▶ Action item
Could you restate all of the records exactly, leaving out the pictures?
────
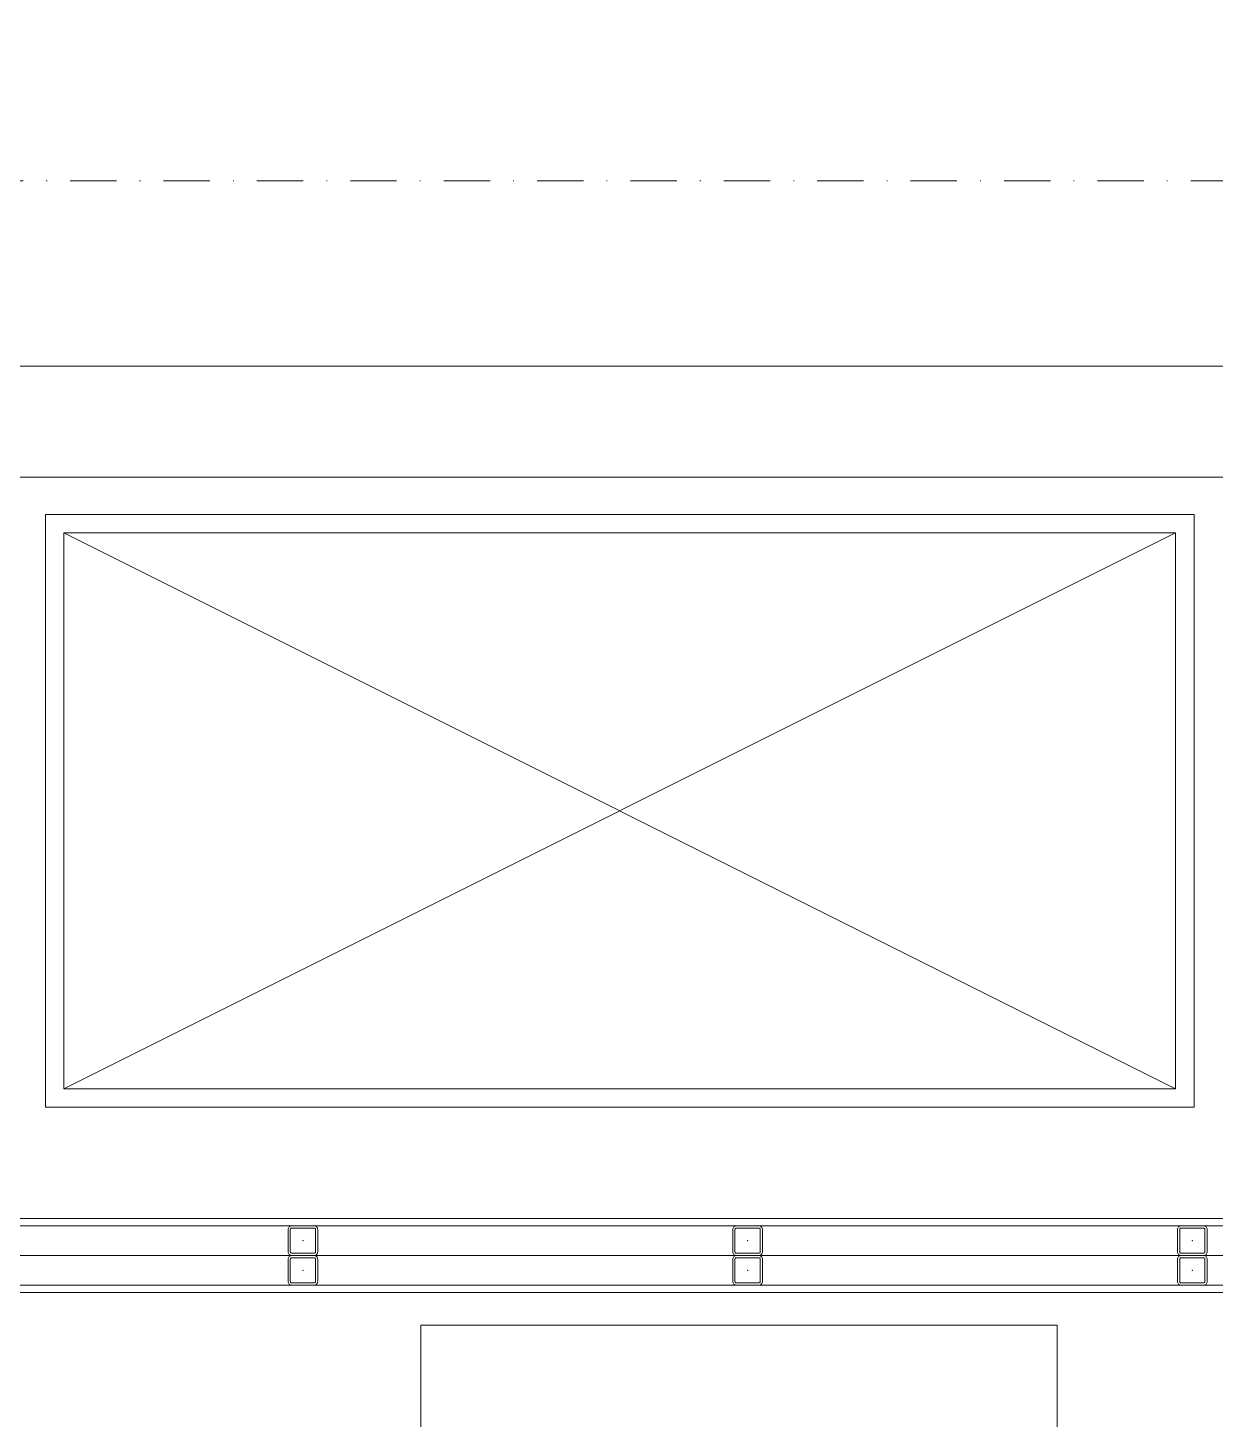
# Model space of a CAD drawing. Extents: x -1281 to 23780, y 0 to 7214.
# Drawn here: x 7212.4 to 7372.6, y 1817.9 to 2005.7 of the extents above; entities that cross this region are included whole.
import ezdxf

# ---------------------------------------------------------------- set-up
doc = ezdxf.new("R2010")
doc.units = 0
doc.header["$LTSCALE"] = 25
doc.header["$MEASUREMENT"] = 0
for name, pattern in [('DASHDOT2', [0.5, 0.25, -0.125, 0, -0.125]), ('DOT2', [0.125, 0, -0.125]), ('HIDDEN', [0.375, 0.25, -0.125])]:
    doc.linetypes.add(name, pattern=pattern)
doc.layers.get('0').update_dxf_attribs({"color": 9, "lineweight": 9})
for name, color, linetype, lineweight in [('00', 9, 'Continuous', 9), ('05', 9, 'Continuous', 9), ('06D', 9, 'Continuous', 9), ('10', 9, 'Continuous', 9), ('11', 9, 'Continuous', 9), ('20', 9, 'DOT2', 9), ('24', 9, 'DASHDOT2', 9), ('33', 9, 'BATTING', 9), ('35', 9, 'Continuous', 9)]:
    doc.layers.add(name, color=color, linetype=linetype, lineweight=lineweight)
doc.linetypes.add('BATTING', pattern='A,0.0001,-0.1,[134,ltypeshp.shx,S=0.1,R=0,X=-0.1,Y=0],-0.2,[134,ltypeshp.shx,S=0.1,R=180,X=0.1,Y=0],-0.1', length=0.4001)

# ---------------------------------------------------------------- blocks, each defined once
blk = doc.blocks.new('p-ma-audi')
at = {"flags": 128}
blk.add_lwpolyline([(-7.57, 200), (-7.57, 214.96), (-93.45, 214.96), (-93.45, 155.19), (-85.7, 155.19)], dxfattribs=at)
blk = doc.blocks.new('Prf-40x40')
for points in [[(1.5, -2), (-1.5, -2, -0.414214), (-2, -1.5), (-2, 1.5, -0.414214), (-1.5, 2), (1.5, 2, -0.414214), (2, 1.5), (2, -1.5, -0.414214)], [(1.5, -1.7), (-1.5, -1.7, -0.414214), (-1.7, -1.5), (-1.7, 1.5, -0.414214), (-1.5, 1.7), (1.5, 1.7, -0.414214), (1.7, 1.5), (1.7, -1.5, -0.414214)]]:
    blk.add_lwpolyline(points, format="xyb", close=True)
blk.add_point((0, 0))

msp = doc.modelspace()

# ---------------------------------------------------------------- linework, layer by layer
at = {"layer": '00'}
msp.add_lwpolyline([(7207.5, 1945), (7827.5, 1945), (7827.5, 1960), (7207.5, 1960)], close=True, dxfattribs=at)
at = {"layer": '06D'}
for p, q in [((7217.25, 1937.5), (7367.25, 1862.5)), ((7367.25, 1937.5), (7217.25, 1862.5))]:
    msp.add_line(p, q, dxfattribs=at)
msp.add_lwpolyline([(7129.5, 1840), (7898.61, 1840), (7904.5, 1840), (7904.5, 1846.13), (7904.5, 1943)], dxfattribs=at)
for points in [[(7369.75, 1860), (7214.75, 1860), (7214.75, 1940), (7369.75, 1940)], [(7367.25, 1862.5), (7217.25, 1862.5), (7217.25, 1937.5), (7367.25, 1937.5)]]:
    msp.add_lwpolyline(points, close=True, dxfattribs=at)
at = {"layer": '11'}
for points in [[(7126.5, 1836), (7908.5, 1836), (7908.5, 1945)], [(7127.5, 1835), (7909.5, 1835), (7909.5, 1945), (7899.5, 1945), (7899.5, 1845), (7127.5, 1845)], [(7900.5, 1944), (7900.5, 1844), (7127.5, 1844)]]:
    msp.add_lwpolyline(points, dxfattribs=at)
at = {"layer": '20', "linetype": 'HIDDEN', "lineweight": 0}
msp.add_lwpolyline([(7129.5, 979.76, -0.152644), (10705.5, 2076.19, -0.10573)], format="xyb", dxfattribs=at)
at = {"layer": '24'}
msp.add_lwpolyline([(6827.5, 1985), (11027.5, 1985)], dxfattribs=at)
at = {"layer": '33', "ltscale": 0.4}
msp.add_lwpolyline([(7129.5, 1840), (7898.61, 1840), (7904.5, 1840), (7904.5, 1846.13), (7904.5, 1943)], dxfattribs=at)
at = {"layer": '35'}
msp.add_lwpolyline([(7497.5, 1835), (7497.5, 1182.71), (7497.58, 1182.57, 0.017498), (7129.5, 947.48), (7129.5, 1835)], format="xyb", close=True, dxfattribs=at)

# ---------------------------------------------------------------- block references
at = {"layer": '05', "color": 7}
msp.add_blockref('p-ma-audi', (7358.84, 1615.66), dxfattribs=at)
at = {"layer": '10', "xscale": -1}
for p in [(7249.5, 1842), (7309.5, 1842), (7369.5, 1842), (7249.5, 1838), (7309.5, 1838), (7369.5, 1838)]:
    msp.add_blockref('Prf-40x40', p, dxfattribs=at)

doc.saveas('drawing.dxf')
────
▶ Task response
# Model space of a CAD drawing. Extents: x -1281 to 23780, y 0 to 7214.
# Drawn here: x 7212.4 to 7372.6, y 1817.9 to 2005.7 of the extents above; entities that cross this region are included whole.
import ezdxf

# ---------------------------------------------------------------- set-up
doc = ezdxf.new("R2010")
doc.units = 0
doc.header["$LTSCALE"] = 25
doc.header["$MEASUREMENT"] = 0
for name, pattern in [('DASHDOT2', [0.5, 0.25, -0.125, 0, -0.125]), ('DOT2', [0.125, 0, -0.125]), ('HIDDEN', [0.375, 0.25, -0.125])]:
    doc.linetypes.add(name, pattern=pattern)
doc.layers.get('0').update_dxf_attribs({"color": 9, "lineweight": 9})
for name, color, linetype, lineweight in [('00', 9, 'Continuous', 9), ('05', 9, 'Continuous', 9), ('06D', 9, 'Continuous', 9), ('10', 9, 'Continuous', 9), ('11', 9, 'Continuous', 9), ('20', 9, 'DOT2', 9), ('24', 9, 'DASHDOT2', 9), ('33', 9, 'BATTING', 9), ('35', 9, 'Continuous', 9)]:
    doc.layers.add(name, color=color, linetype=linetype, lineweight=lineweight)
doc.linetypes.add('BATTING', pattern='A,0.0001,-0.1,[134,ltypeshp.shx,S=0.1,R=0,X=-0.1,Y=0],-0.2,[134,ltypeshp.shx,S=0.1,R=180,X=0.1,Y=0],-0.1', length=0.4001)

# ---------------------------------------------------------------- blocks, each defined once
blk = doc.blocks.new('p-ma-audi')
at = {"flags": 128}
blk.add_lwpolyline([(-7.57, 200), (-7.57, 214.96), (-93.45, 214.96), (-93.45, 155.19), (-85.7, 155.19)], dxfattribs=at)
blk = doc.blocks.new('Prf-40x40')
for points in [[(1.5, -2), (-1.5, -2, -0.414214), (-2, -1.5), (-2, 1.5, -0.414214), (-1.5, 2), (1.5, 2, -0.414214), (2, 1.5), (2, -1.5, -0.414214)], [(1.5, -1.7), (-1.5, -1.7, -0.414214), (-1.7, -1.5), (-1.7, 1.5, -0.414214), (-1.5, 1.7), (1.5, 1.7, -0.414214), (1.7, 1.5), (1.7, -1.5, -0.414214)]]:
    blk.add_lwpolyline(points, format="xyb", close=True)
blk.add_point((0, 0))

msp = doc.modelspace()

# ---------------------------------------------------------------- linework, layer by layer
at = {"layer": '00'}
msp.add_lwpolyline([(7207.5, 1945), (7827.5, 1945), (7827.5, 1960), (7207.5, 1960)], close=True, dxfattribs=at)
at = {"layer": '06D'}
for p, q in [((7217.25, 1937.5), (7367.25, 1862.5)), ((7367.25, 1937.5), (7217.25, 1862.5))]:
    msp.add_line(p, q, dxfattribs=at)
msp.add_lwpolyline([(7129.5, 1840), (7898.61, 1840), (7904.5, 1840), (7904.5, 1846.13), (7904.5, 1943)], dxfattribs=at)
for points in [[(7369.75, 1860), (7214.75, 1860), (7214.75, 1940), (7369.75, 1940)], [(7367.25, 1862.5), (7217.25, 1862.5), (7217.25, 1937.5), (7367.25, 1937.5)]]:
    msp.add_lwpolyline(points, close=True, dxfattribs=at)
at = {"layer": '11'}
for points in [[(7126.5, 1836), (7908.5, 1836), (7908.5, 1945)], [(7127.5, 1835), (7909.5, 1835), (7909.5, 1945), (7899.5, 1945), (7899.5, 1845), (7127.5, 1845)], [(7900.5, 1944), (7900.5, 1844), (7127.5, 1844)]]:
    msp.add_lwpolyline(points, dxfattribs=at)
at = {"layer": '20', "linetype": 'HIDDEN', "lineweight": 0}
msp.add_lwpolyline([(7129.5, 979.76, -0.152644), (10705.5, 2076.19, -0.10573)], format="xyb", dxfattribs=at)
at = {"layer": '24'}
msp.add_lwpolyline([(6827.5, 1985), (11027.5, 1985)], dxfattribs=at)
at = {"layer": '33', "ltscale": 0.4}
msp.add_lwpolyline([(7129.5, 1840), (7898.61, 1840), (7904.5, 1840), (7904.5, 1846.13), (7904.5, 1943)], dxfattribs=at)
at = {"layer": '35'}
msp.add_lwpolyline([(7497.5, 1835), (7497.5, 1182.71), (7497.58, 1182.57, 0.017498), (7129.5, 947.48), (7129.5, 1835)], format="xyb", close=True, dxfattribs=at)

# ---------------------------------------------------------------- block references
at = {"layer": '05', "color": 7}
msp.add_blockref('p-ma-audi', (7358.84, 1615.66), dxfattribs=at)
at = {"layer": '10', "xscale": -1}
for p in [(7249.5, 1842), (7309.5, 1842), (7369.5, 1842), (7249.5, 1838), (7309.5, 1838), (7369.5, 1838)]:
    msp.add_blockref('Prf-40x40', p, dxfattribs=at)

doc.saveas('drawing.dxf')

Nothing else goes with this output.